Buxeda, Anna; Redondo-Pachón, Dolores; Pérez-Sáez, María José; Bartolomé, Álvaro; Mir, Marisa; Pascual-Dapena, Ana; Sans, Anna; Duran, Xavier; Crespo, Marta; Pascual, Julio.
Afiliação
  • Buxeda A; Department of Nephrology, Hospital del Mar, Barcelona, Spain.
  • Redondo-Pachón D; Department of Nephrology, Hospital del Mar, Barcelona, Spain.
  • Pérez-Sáez MJ; Department of Nephrology, Hospital del Mar, Barcelona, Spain.
  • Bartolomé Á; Department of Medicine, University Autonoma Barcelona, Barcelona, Spain.
  • Mir M; Department of Experimental and Health Sciences, University Pompeu-Fabra, Barcelona, Spain.
  • Pascual-Dapena A; Department of Nephrology, Hospital del Mar, Barcelona, Spain.
  • Sans A; Department of Medicine, University Autonoma Barcelona, Barcelona, Spain.
  • Duran X; Department of Experimental and Health Sciences, University Pompeu-Fabra, Barcelona, Spain.
  • Crespo M; Department of Medicine, University Autonoma Barcelona, Barcelona, Spain.
  • Pascual J; Department of Experimental and Health Sciences, University Pompeu-Fabra, Barcelona, Spain.
Oncotarget ; 10(33): 3114-3128, 2019 May 03.

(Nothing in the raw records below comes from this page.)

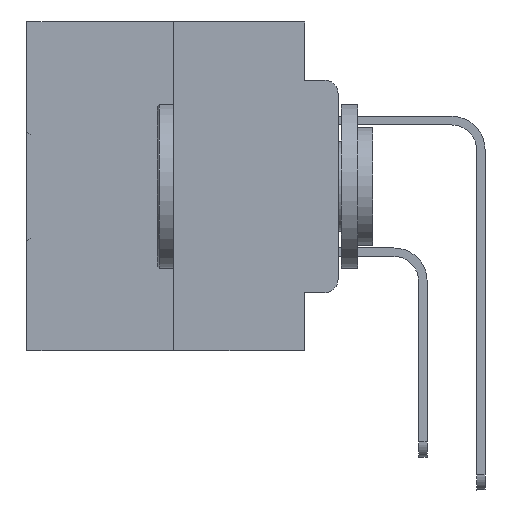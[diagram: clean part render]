
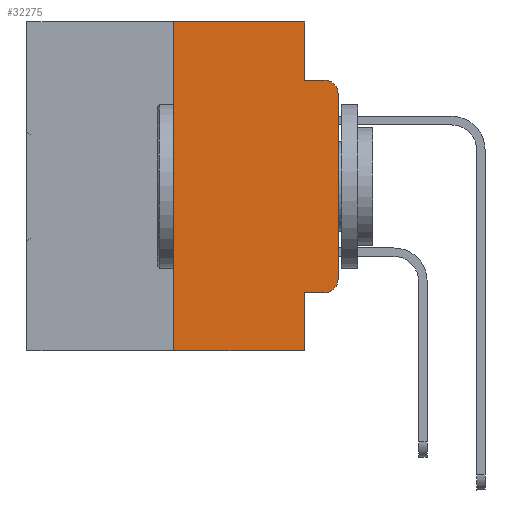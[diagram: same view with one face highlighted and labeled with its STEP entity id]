
A CAD part, left-side view. The second image highlights one B-rep face of the part: STEP entity #32275.
In plain terms, the highlighted planar face has unit normal (-1, 0, 0).
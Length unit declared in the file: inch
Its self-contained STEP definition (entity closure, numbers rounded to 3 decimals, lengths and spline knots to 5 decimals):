
#17 = ORIENTED_EDGE ( 'NONE', *, *, #22693, .F. ) ;
#160 = CARTESIAN_POINT ( 'NONE',  ( 0., 0.25, -0.5 ) ) ;
#294 = VERTEX_POINT ( 'NONE', #9027 ) ;
#494 = CARTESIAN_POINT ( 'NONE',  ( 0., 0.051, 0. ) ) ;
#1217 = VERTEX_POINT ( 'NONE', #7982 ) ;
#1354 = EDGE_LOOP ( 'NONE', ( #4849, #23765, #13144, #14403, #23952, #17, #20782, #31166, #22325, #22549 ) ) ;
#1962 = EDGE_CURVE ( 'NONE', #12531, #294, #4394, .T. ) ;
#2520 = DIRECTION ( 'NONE',  ( 0., 0., -1. ) ) ;
#3764 = DIRECTION ( 'NONE',  ( 0., -1., 0. ) ) ;
#4275 = AXIS2_PLACEMENT_3D ( 'NONE', #15778, #12622, #2520 ) ;
#4394 = LINE ( 'NONE', #23625, #15145 ) ;
#4592 = CARTESIAN_POINT ( 'NONE',  ( 0., 0.02, -0.1085 ) ) ;
#4849 = ORIENTED_EDGE ( 'NONE', *, *, #17953, .T. ) ;
#4910 = LINE ( 'NONE', #23252, #16567 ) ;
#6462 = VERTEX_POINT ( 'NONE', #9750 ) ;
#6599 = VERTEX_POINT ( 'NONE', #13415 ) ;
#6658 = LINE ( 'NONE', #19601, #23281 ) ;
#7982 = CARTESIAN_POINT ( 'NONE',  ( 0., 0.02, -0.0885 ) ) ;
#8341 = AXIS2_PLACEMENT_3D ( 'NONE', #23910, #29154, #18485 ) ;
#8583 = VERTEX_POINT ( 'NONE', #11410 ) ;
#8938 = DIRECTION ( 'NONE',  ( 0., 0., 1. ) ) ;
#9027 = CARTESIAN_POINT ( 'NONE',  ( 0., 0.051, -0.0885 ) ) ;
#9750 = CARTESIAN_POINT ( 'NONE',  ( 0., 0., -0.1085 ) ) ;
#10086 = EDGE_CURVE ( 'NONE', #6462, #1217, #32344, .T. ) ;
#10628 = VECTOR ( 'NONE', #26428, 39.37008 ) ;
#11410 = CARTESIAN_POINT ( 'NONE',  ( 0., 0.051, -0.4115 ) ) ;
#11671 = VECTOR ( 'NONE', #28363, 39.37008 ) ;
#11868 = VERTEX_POINT ( 'NONE', #20159 ) ;
#11936 = CARTESIAN_POINT ( 'NONE',  ( 0., 0., 0. ) ) ;
#12411 = DIRECTION ( 'NONE',  ( 0., 0., -1. ) ) ;
#12504 = VERTEX_POINT ( 'NONE', #160 ) ;
#12531 = VERTEX_POINT ( 'NONE', #494 ) ;
#12622 = DIRECTION ( 'NONE',  ( -1., 0., 0. ) ) ;
#13144 = ORIENTED_EDGE ( 'NONE', *, *, #33057, .F. ) ;
#13415 = CARTESIAN_POINT ( 'NONE',  ( 0., 0.25, 0. ) ) ;
#14403 = ORIENTED_EDGE ( 'NONE', *, *, #1962, .F. ) ;
#15058 = DIRECTION ( 'NONE',  ( 0., 0., 1. ) ) ;
#15145 = VECTOR ( 'NONE', #26060, 39.37008 ) ;
#15373 = CARTESIAN_POINT ( 'NONE',  ( 0., 0.473, -0.5 ) ) ;
#15761 = CARTESIAN_POINT ( 'NONE',  ( 0., 0.051, -0.0885 ) ) ;
#15778 = CARTESIAN_POINT ( 'NONE',  ( 0., 0.02, -0.3915 ) ) ;
#15942 = CARTESIAN_POINT ( 'NONE',  ( 0., 0.051, -0.5 ) ) ;
#16567 = VECTOR ( 'NONE', #12411, 39.37008 ) ;
#17953 = EDGE_CURVE ( 'NONE', #22711, #6462, #28353, .T. ) ;
#18129 = EDGE_CURVE ( 'NONE', #11868, #22711, #21593, .T. ) ;
#18485 = DIRECTION ( 'NONE',  ( 0., 0., -1. ) ) ;
#18568 = EDGE_CURVE ( 'NONE', #8583, #31263, #4910, .T. ) ;
#18815 = FACE_OUTER_BOUND ( 'NONE', #1354, .T. ) ;
#18874 = LINE ( 'NONE', #15373, #27511 ) ;
#19424 = CARTESIAN_POINT ( 'NONE',  ( 0., 0., -0.3915 ) ) ;
#19601 = CARTESIAN_POINT ( 'NONE',  ( 0., 0.25, 0. ) ) ;
#19784 = VECTOR ( 'NONE', #3764, 39.37008 ) ;
#20159 = CARTESIAN_POINT ( 'NONE',  ( 0., 0.02, -0.4115 ) ) ;
#20326 = LINE ( 'NONE', #28724, #11671 ) ;
#20782 = ORIENTED_EDGE ( 'NONE', *, *, #24681, .T. ) ;
#21019 = LINE ( 'NONE', #15761, #10628 ) ;
#21111 = PLANE ( 'NONE',  #8341 ) ;
#21593 = CIRCLE ( 'NONE', #4275, 0.02 ) ;
#22325 = ORIENTED_EDGE ( 'NONE', *, *, #32499, .T. ) ;
#22549 = ORIENTED_EDGE ( 'NONE', *, *, #18129, .T. ) ;
#22693 = EDGE_CURVE ( 'NONE', #12504, #6599, #6658, .T. ) ;
#22711 = VERTEX_POINT ( 'NONE', #19424 ) ;
#23252 = CARTESIAN_POINT ( 'NONE',  ( 0., 0.051, 0. ) ) ;
#23281 = VECTOR ( 'NONE', #8938, 39.37008 ) ;
#23625 = CARTESIAN_POINT ( 'NONE',  ( 0., 0.051, 0. ) ) ;
#23765 = ORIENTED_EDGE ( 'NONE', *, *, #10086, .T. ) ;
#23910 = CARTESIAN_POINT ( 'NONE',  ( 0., 0.473, 0. ) ) ;
#23952 = ORIENTED_EDGE ( 'NONE', *, *, #27161, .F. ) ;
#24681 = EDGE_CURVE ( 'NONE', #12504, #31263, #18874, .T. ) ;
#26051 = DIRECTION ( 'NONE',  ( 0., -1., 0. ) ) ;
#26060 = DIRECTION ( 'NONE',  ( 0., 0., -1. ) ) ;
#26185 = AXIS2_PLACEMENT_3D ( 'NONE', #4592, #31144, #27819 ) ;
#26428 = DIRECTION ( 'NONE',  ( 0., -1., 0. ) ) ;
#26591 = VECTOR ( 'NONE', #15058, 39.37008 ) ;
#27161 = EDGE_CURVE ( 'NONE', #6599, #12531, #32936, .T. ) ;
#27511 = VECTOR ( 'NONE', #26051, 39.37008 ) ;
#27679 = CARTESIAN_POINT ( 'NONE',  ( 0., 0.473, 0. ) ) ;
#27819 = DIRECTION ( 'NONE',  ( 0., 0., -1. ) ) ;
#28353 = LINE ( 'NONE', #11936, #26591 ) ;
#28363 = DIRECTION ( 'NONE',  ( 0., -1., 0. ) ) ;
#28724 = CARTESIAN_POINT ( 'NONE',  ( 0., 0.051, -0.4115 ) ) ;
#29154 = DIRECTION ( 'NONE',  ( 1., 0., 0. ) ) ;
#31144 = DIRECTION ( 'NONE',  ( -1., 0., 0. ) ) ;
#31166 = ORIENTED_EDGE ( 'NONE', *, *, #18568, .F. ) ;
#31263 = VERTEX_POINT ( 'NONE', #15942 ) ;
#32275 = ADVANCED_FACE ( 'NONE', ( #18815 ), #21111, .F. ) ;
#32344 = CIRCLE ( 'NONE', #26185, 0.02 ) ;
#32499 = EDGE_CURVE ( 'NONE', #8583, #11868, #20326, .T. ) ;
#32936 = LINE ( 'NONE', #27679, #19784 ) ;
#33057 = EDGE_CURVE ( 'NONE', #294, #1217, #21019, .T. ) ;

Article em En | MEDLINE | ID: mdl-31139324
ABSTRACT
Kidney transplant (KT) recipients are at greater risk of developing some cancers than the general population. Moreover, cancer is the only cause of death that is currently increasing after kidney transplantation. We analyzed incidence, risk factors and characteristics of post-transplant malignancies (solid organ tumors and lymphoproliferative disorders) at our center in 925 KT recipients (1979-2014). Sex differences were particularly assessed. One hundred and eight patients (11.7%) developed solid organ tumors (76.9%) or lymphoma (23.1%). Twenty-one percent of patients who reached 20 years after KT developed cancer, with a median post-KT time to diagnosis of 7.4 years. Most common solid organs affected were lung (30.1%), prostate (10.8%), bladder (9.6%), and native kidney (7.2%). When analyzing standardized incidence ratios (SIR) by gender compared to the general population, relative risk was increased in women (SIR = 1.81; 95%CI, 1.28-2.45) but not significantly increased in men (SIR = 1.22; 0.95-2.52). Regarding specific types, gynecological (SIR = 11.6; 4.2-22.7) and lung (SIR = 10.0; 4.3-18.2) in women, and bladder (SIR = 16.3; 5.9-32.1) in men were the most affected locations. Thymoglobulin, a polyclonal antibody that has been used as an immunosuppressive agent in kidney transplantation over the last decades, was a significant risk factor for developing cancer in adjusted regression analysis [IRR = 1.62, 1.02-2.57; p = 0.041], and was associated with lower patient survival. Compared with the general population, the incidence of post-KT non-skin cancer is almost two-fold higher in women but not significantly higher in men. Lung is the most common solid organ affected. Thymoglobulin induction therapy is associated with a greater risk.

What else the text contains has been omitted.